Milner was under contract at Hecht-Lancaster, Burt Lancaster’s production company. He also acted in films, including The Long Gray Line (1955), Mister Roberts (1955), Gunfight at the O.K. Corral (1957), Sweet Smell of Success (1957), Marjorie Morningstar (1958), Compulsion (1959), and 13 Ghosts (1960). He later costarred in Valley of the Dolls (1967), based on the best-selling novel by Jacqueline Susann.
In 1960, Milner was cast as Tod Stiles on the television series Route 66, which ran from 1960 to 1964. Created by Stirling Silliphant, Route 66 is about two regular but distinctly different young men in a car touring the United States. After the sudden death of his father left him penniless, Milner's character travels across the United States in a Chevrolet Corvette, taking a variety of odd jobs along the way and getting involved in other people's problems.
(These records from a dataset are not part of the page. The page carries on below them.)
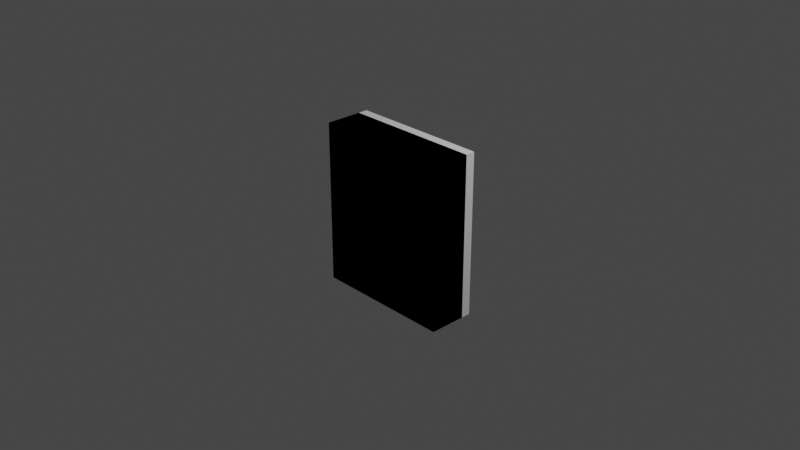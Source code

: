 # Source: electrical_box.blend  (saved by Blender 2.90.8; exported with 4.5.12 LTS)
import bpy
from mathutils import Matrix  # noqa: F401  (used for matrix-valued properties, if any)

bpy.ops.wm.read_factory_settings(use_empty=True)
scene = bpy.context.scene
scene.name = 'Scene'

# ---- collections
col_detail32 = bpy.data.collections.new('detail32'); scene.collection.children.link(col_detail32)
col_collision_1 = bpy.data.collections.new('collision-1'); scene.collection.children.link(col_collision_1)

# ---- materials (node trees are filled in below, after node groups)
mat_gray50 = bpy.data.materials.new('gray50')
mat_gray50.use_transparent_shadow = False
mat_gray50.diffuse_color = (0.1598, 0.1598, 0.1598, 1.0)
mat_blank = bpy.data.materials.new('blank')
mat_blank.use_transparent_shadow = False
mat_blank.diffuse_color = (0.6263, 0.8, 0.0, 1.0)
mat_black = bpy.data.materials.new('black')
mat_black.use_transparent_shadow = False
mat_black.diffuse_color = (0.0, 0.0, 0.0, 1.0)
mat_black.roughness = 1.0
mat_black.specular_intensity = 0.0
mat_black.metallic = 1.0
mat_gray25 = bpy.data.materials.new('gray25')
mat_gray25.use_transparent_shadow = False
mat_gray25.diffuse_color = (0.04334, 0.04334, 0.04334, 1.0)
mat_white = bpy.data.materials.new('white')
mat_white.use_transparent_shadow = False

# ---- material node trees
mat_white.use_nodes = True; mat_white.node_tree.nodes.clear()
_N = mat_white.node_tree.nodes; _L = mat_white.node_tree.links
n0 = _N.new('ShaderNodeBsdfPrincipled'); n0.name = 'Principled BSDF'; n0.location = (10, 300)
n0.distribution = 'GGX'
n0.subsurface_method = 'BURLEY'
n0.inputs[3].default_value = 1.45
n0.inputs[27].default_value = (0.0, 0.0, 0.0, 1.0)
n0.inputs[28].default_value = 1.0
n1 = _N.new('ShaderNodeOutputMaterial'); n1.name = 'Material Output'; n1.location = (300, 300)
_L.new(n0.outputs[0], n1.inputs[0])
n1.is_active_output = True

# ---- world
world_world = bpy.data.worlds.new('World'); scene.world = world_world
world_world.color = (0.05088, 0.05088, 0.05088)
world_world.use_sun_shadow = False
world_world.sun_shadow_jitter_overblur = 0.0

# ---- cameras
cam_camera = bpy.data.cameras.new('Camera')
cam_camera.clip_end = 100.0
cam_camera.ortho_scale = 7.314
cam_camera.dof.focus_distance = 0.0
cam_camera.dof.aperture_fstop = 128.0

# ---- lights
light_light = bpy.data.lights.new('Light', 'POINT')
light_light.transmission_factor = 0.0
light_light.cutoff_distance = 30.0
light_light.energy = 1000.0
light_light.shadow_buffer_clip_start = 1.001
light_light.shadow_soft_size = 0.1
light_light.shadow_maximum_resolution = 0.006
light_light.use_absolute_resolution = True

# ---- meshes
me_cube_001 = bpy.data.meshes.new('Cube.001')
me_cube_001.from_pydata([(-0.765, -0.255, 0.0), (-0.765, -0.255, 1.785), (-0.6119, 0.153, 0.1531), (-0.6119, 0.153, 1.632), (0.765, -0.255, 0.0), (0.765, -0.255, 1.785), (0.6119, 0.153, 0.1531), (0.6119, 0.153, 1.632), (0.765, 0.153, 0.0), (0.765, 0.153, 1.785), (-0.6119, -0.051, 0.1531), (-0.6119, -0.051, 1.632), (0.6119, -0.051, 0.1531), (0.6119, -0.051, 1.632), (0.5796, 0.2599, 0.153), (0.5796, 0.2599, 1.632), (0.6441, 0.2599, 0.153), (0.6441, 0.2599, 1.632), (0.6764, 0.204, 0.153), (0.6764, 0.204, 1.632), (0.6441, 0.1481, 0.153), (0.6441, 0.1481, 1.632), (0.5796, 0.1481, 0.153), (0.5796, 0.1481, 1.632), (0.5473, 0.204, 0.153), (0.5473, 0.204, 1.632), (0.5796, 0.2599, 0.4312), (0.5796, 0.2599, 0.7387), (0.5796, 0.2599, 1.046), (0.5796, 0.2599, 1.354), (0.6441, 0.2599, 1.354), (0.6441, 0.2599, 1.046), (0.6441, 0.2599, 0.7387), (0.6441, 0.2599, 0.4312), (0.6764, 0.204, 1.354), (0.6764, 0.204, 1.046), (0.6764, 0.204, 0.7387), (0.6764, 0.204, 0.4312), (0.6441, 0.1481, 1.354), (0.6441, 0.1481, 1.046), (0.6441, 0.1481, 0.7387), (0.6441, 0.1481, 0.4312), (0.5796, 0.1481, 1.354), (0.5796, 0.1481, 1.046), (0.5796, 0.1481, 0.7387), (0.5796, 0.1481, 0.4312), (0.5473, 0.204, 1.354), (0.5473, 0.204, 1.046), (0.5473, 0.204, 0.7387), (0.5473, 0.204, 0.4312), (-0.561, -0.204, 0.204), (-0.561, -0.204, 0.51), (-0.561, 6.08e-08, 0.204), (-0.561, 6.08e-08, 0.51), (0.561, -0.204, 0.204), (0.561, -0.204, 0.51), (0.561, 6.08e-08, 0.204), (0.561, 6.08e-08, 0.51), (-0.561, -0.204, 0.561), (-0.561, -0.204, 1.198), (-0.561, 6.08e-08, 0.561), (-0.561, 6.08e-08, 1.198), (0.561, -0.204, 0.561), (0.561, -0.204, 1.198), (0.561, 6.08e-08, 0.561), (0.561, 6.08e-08, 1.198), (-0.561, -0.204, 1.3), (-0.561, -0.204, 1.581), (-0.561, 6.08e-08, 1.3), (-0.561, 6.08e-08, 1.581), (0.561, -0.204, 1.3), (0.561, -0.204, 1.581), (0.561, 6.08e-08, 1.3), (0.561, 6.08e-08, 1.581), (-0.561, -0.153, 1.249), (0.561, -0.153, 1.249), (0.561, -0.051, 1.249), (-0.561, -0.051, 1.249), (-0.51, -0.06375, 0.459), (-0.51, 0.03825, 0.459), (-0.306, -0.06375, 0.459), (-0.306, 0.03825, 0.459), (-0.51, -0.08925, 0.306), (-0.51, -0.06375, 0.357), (-0.51, -0.08925, 0.408), (-0.51, 0.01275, 0.408), (-0.51, 0.03825, 0.357), (-0.51, 0.01275, 0.306), (-0.306, 0.01275, 0.408), (-0.306, 0.03825, 0.357), (-0.306, 0.01275, 0.306), (-0.306, -0.08925, 0.408), (-0.306, -0.06375, 0.357), (-0.306, -0.08925, 0.306), (-0.51, -0.08925, 0.255), (-0.51, 0.01275, 0.255), (-0.306, -0.08925, 0.255), (-0.306, 0.01275, 0.255), (-0.51, -0.06375, 0.306), (-0.51, -0.08925, 0.357), (-0.51, -0.06375, 0.408), (-0.51, 0.03825, 0.408), (-0.51, 0.01275, 0.357), (-0.51, 0.03825, 0.306), (-0.306, 0.03825, 0.408), (-0.306, 0.01275, 0.357), (-0.306, 0.03825, 0.306), (-0.306, -0.06375, 0.408), (-0.306, -0.08925, 0.357), (-0.306, -0.06375, 0.306), (-0.51, -0.06375, 0.969), (-0.51, 0.03825, 0.969), (-0.306, -0.06375, 0.969), (-0.306, 0.03825, 0.969), (-0.51, -0.08925, 0.816), (-0.51, -0.06375, 0.867), (-0.51, -0.08925, 0.918), (-0.51, 0.01275, 0.918), (-0.51, 0.03825, 0.867), (-0.51, 0.01275, 0.816), (-0.306, 0.01275, 0.918), (-0.306, 0.03825, 0.867), (-0.306, 0.01275, 0.816), (-0.306, -0.08925, 0.918), (-0.306, -0.06375, 0.867), (-0.306, -0.08925, 0.816), (-0.51, -0.08925, 0.765), (-0.51, 0.01275, 0.765), (-0.306, -0.08925, 0.765), (-0.306, 0.01275, 0.765), (-0.51, -0.06375, 0.816), (-0.51, -0.08925, 0.867), (-0.51, -0.06375, 0.918), (-0.51, 0.03825, 0.918), (-0.51, 0.01275, 0.867), (-0.51, 0.03825, 0.816), (-0.306, 0.03825, 0.918), (-0.306, 0.01275, 0.867), (-0.306, 0.03825, 0.816), (-0.306, -0.06375, 0.918), (-0.306, -0.08925, 0.867), (-0.306, -0.06375, 0.816), (-0.51, -0.06375, 1.53), (-0.51, 0.03825, 1.53), (-0.306, -0.06375, 1.53), (-0.306, 0.03825, 1.53), (-0.51, -0.08925, 1.377), (-0.51, -0.06375, 1.428), (-0.51, -0.08925, 1.479), (-0.51, 0.01275, 1.479), (-0.51, 0.03825, 1.428), (-0.51, 0.01275, 1.377), (-0.306, 0.01275, 1.479), (-0.306, 0.03825, 1.428), (-0.306, 0.01275, 1.377), (-0.306, -0.08925, 1.479), (-0.306, -0.06375, 1.428), (-0.306, -0.08925, 1.377), (-0.51, -0.08925, 1.326), (-0.51, 0.01275, 1.326), (-0.306, -0.08925, 1.326), (-0.306, 0.01275, 1.326), (-0.51, -0.06375, 1.377), (-0.51, -0.08925, 1.428), (-0.51, -0.06375, 1.479), (-0.51, 0.03825, 1.479), (-0.51, 0.01275, 1.428), (-0.51, 0.03825, 1.377), (-0.306, 0.03825, 1.479), (-0.306, 0.01275, 1.428), (-0.306, 0.03825, 1.377), (-0.306, -0.06375, 1.479), (-0.306, -0.08925, 1.428), (-0.306, -0.06375, 1.377), (-0.765, 0.153, 1.785), (-0.765, 0.153, 0.0), (0.6884, 0.153, 0.07657), (0.6884, 0.153, 1.708), (-0.6119, 0.153, 0.07657), (-0.6119, 0.153, 1.708), (0.6119, 0.255, 0.1531), (-0.6119, 0.255, 0.1531), (-0.6119, 0.255, 1.632), (0.6119, 0.255, 1.632), (0.6884, 0.255, 1.708), (0.6884, 0.255, 0.07657), (-0.6119, 0.255, 1.708), (-0.6119, 0.255, 0.07657), (-0.2805, 6.08e-08, 1.005), (-0.2805, 6.08e-08, 1.188), (-0.2619, 0.0408, 1.045), (-0.2619, 0.0408, 1.148), (-0.0255, 6.08e-08, 1.005), (-0.0255, 6.08e-08, 1.188), (-0.04412, 0.0408, 1.045), (-0.04412, 0.0408, 1.148), (0.5202, 0.133, 1.128), (0.2958, 0.133, 1.128), (0.5202, 0.1838, 1.124), (0.2958, 0.1838, 1.124), (0.5202, 0.2131, 1.165), (0.2958, 0.2131, 1.165), (0.5202, 0.1915, 1.212), (0.2958, 0.1915, 1.212), (0.3482, 0.2131, 1.165), (0.4678, 0.2131, 1.165), (0.4678, 0.1915, 1.212), (0.3482, 0.1915, 1.212), (0.5202, 0.1407, 1.216), (0.2958, 0.1407, 1.216), (0.5202, 0.1114, 1.174), (0.2958, 0.1114, 1.174), (-0.2652, 0.2131, 1.028), (-0.0408, 0.2131, 1.028), (-0.2652, 0.1915, 0.9814), (-0.0408, 0.1915, 0.9814), (-0.2652, 0.1407, 0.977), (-0.0408, 0.1407, 0.977), (-0.2652, 0.1114, 1.019), (-0.0408, 0.1114, 1.019), (-0.2652, 0.133, 1.065), (-0.0408, 0.133, 1.065), (-0.2652, 0.1838, 1.069), (-0.0408, 0.1838, 1.069), (-0.2128, 0.2131, 1.028), (-0.09316, 0.2131, 1.028), (-0.09316, 0.1915, 0.9814), (-0.2128, 0.1915, 0.9814), (-0.09316, 0.1407, 0.977), (-0.2128, 0.1407, 0.977), (-0.09316, 0.1114, 1.019), (-0.2128, 0.1114, 1.019), (-0.09316, 0.133, 1.065), (-0.2128, 0.133, 1.065), (-0.09316, 0.1838, 1.069), (-0.2128, 0.1838, 1.069), (-0.08483, -0.00697, 1.071), (-0.08483, 0.01717, 1.122), (-0.08483, 0.1502, 0.9973), (-0.08483, 0.1743, 1.049), (-0.04913, -0.00697, 1.071), (-0.04913, 0.01717, 1.122), (-0.04913, 0.1502, 0.9973), (-0.04913, 0.1743, 1.049), (-0.2569, -0.00697, 1.071), (-0.2569, 0.01717, 1.122), (-0.2569, 0.1502, 0.9973), (-0.2569, 0.1743, 1.049), (-0.2212, -0.00697, 1.071), (-0.2212, 0.01717, 1.122), (-0.2212, 0.1502, 0.9973), (-0.2212, 0.1743, 1.049), (-0.0221, 0.1978, 1.026), (-0.0221, 0.1827, 0.994), (-0.0221, 0.1472, 0.9909), (-0.0221, 0.1267, 1.02), (-0.0221, 0.1418, 1.052), (-0.0221, 0.1773, 1.056), (-0.2839, 0.1978, 1.026), (-0.2839, 0.1827, 0.994), (-0.2839, 0.1472, 0.9909), (-0.2839, 0.1267, 1.02), (-0.2839, 0.1418, 1.052), (-0.2839, 0.1773, 1.056), (-0.2805, 0.0408, 1.17), (-0.2805, 0.0408, 1.023), (-0.0255, 0.0408, 1.023), (-0.0255, 0.0408, 1.17), (-0.0913, 0.0408, 1.023), (-0.2147, 0.0408, 1.023), (-0.2147, 0.0408, 1.17), (-0.0913, 0.0408, 1.17), (-0.2147, 6.08e-08, 1.005), (-0.0913, 6.08e-08, 1.005), (-0.0913, 6.08e-08, 1.188), (-0.2147, 6.08e-08, 1.188), (-0.0913, 0.0408, 1.045), (-0.2147, 0.0408, 1.045), (-0.2147, 0.0408, 1.148), (-0.0913, 0.0408, 1.148), (0.2805, 6.08e-08, 1.005), (0.2805, 6.08e-08, 1.188), (0.2991, 0.0408, 1.045), (0.2991, 0.0408, 1.148), (0.5355, 6.08e-08, 1.005), (0.5355, 6.08e-08, 1.188), (0.5169, 0.0408, 1.045), (0.5169, 0.0408, 1.148), (0.2805, 0.0408, 1.17), (0.2805, 0.0408, 1.023), (0.5355, 0.0408, 1.023), (0.5355, 0.0408, 1.17), (0.4697, 0.0408, 1.023), (0.3463, 0.0408, 1.023), (0.3463, 0.0408, 1.17), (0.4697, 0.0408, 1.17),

His traveling partner on his escapades is his friend Buz Murdock (played by George Maharis), a former employee of his father's. During the series' third season, Glenn Corbett replaced Maharis.
Route 66 was shot on location, so Milner spent nearly four years traveling the U.S. for the series, sometimes taking his wife and children along.
Milner appeared on Broadway once in the short-lived comedy The Ninety Day Mistress in 1967.
By the mid-60's, Milner and Jack Webb had a long-established working relationship. Milner had appeared in numerous episodes of both the radio and television versions of the series Dragnet, and had worked with Webb in the films Halls of Montezuma (1950) and Pete Kelly's Blues (1955).
In 1968, Milner returned to television as seven-year LAPD veteran uniform patrol Officer Peter Joseph "Pete" Malloy in Adam-12, a Webb-produced police drama. Kent McCord played his partner, rookie Officer James A. "Jim" Reed. The series ran from 1968 to 1975. Like Webb's Dragnet, it was based on real Los Angeles Police Department procedures and cases.
Milner was Webb's choice for Pete Malloy in part because of his relative youth and prior acting credits and because of his on-camera driving experience from his days on Route 66. He guest-starred in three episodes of Emergency! between 1972 and 1976, during and after Adam-12's run on NBC, the best known and first of which was the pilot movie The Wedsworth-Townsend Act.
In 1971, Milner portrayed the murder victim in the premiere episode of Columbo titled "Murder by the Book". After Adam-12, Milner starred as Karl Robinson in a television series version of The Swiss Family Robinson (1975–1976), produced by Irwin Allen. Most of his later work was as a guest star, including MacGyver (as the protagonist's father); Airwolf; Murder, She Wrote; and RoboCop: The Series. In 1983, Milner hosted a morning radio wake-up show on AM 600 KOGO in San Diego.
In 1990, Milner teamed again with Kent McCord in the cable TV-movie Nashville Beat (1990), on The Nashville Network. The story was co-written by McCord, who cast himself as an LAPD detective who works with his former partner, played by Milner, in Nashville, Tennessee. In 1992, Milner guest-starred on five episodes of ABC's Life Goes On.
After retiring from acting, Milner co-hosted a radio show about fishing called Let's Talk Hook-Up on San Diego-area sports station XETRA AM 690 (now XEWW).
In 1998, Milner took part in a documentary film, Route 66: Return to the Road with Martin Milner, in which he drove a 1961 Corvette from Chicago to Santa Monica.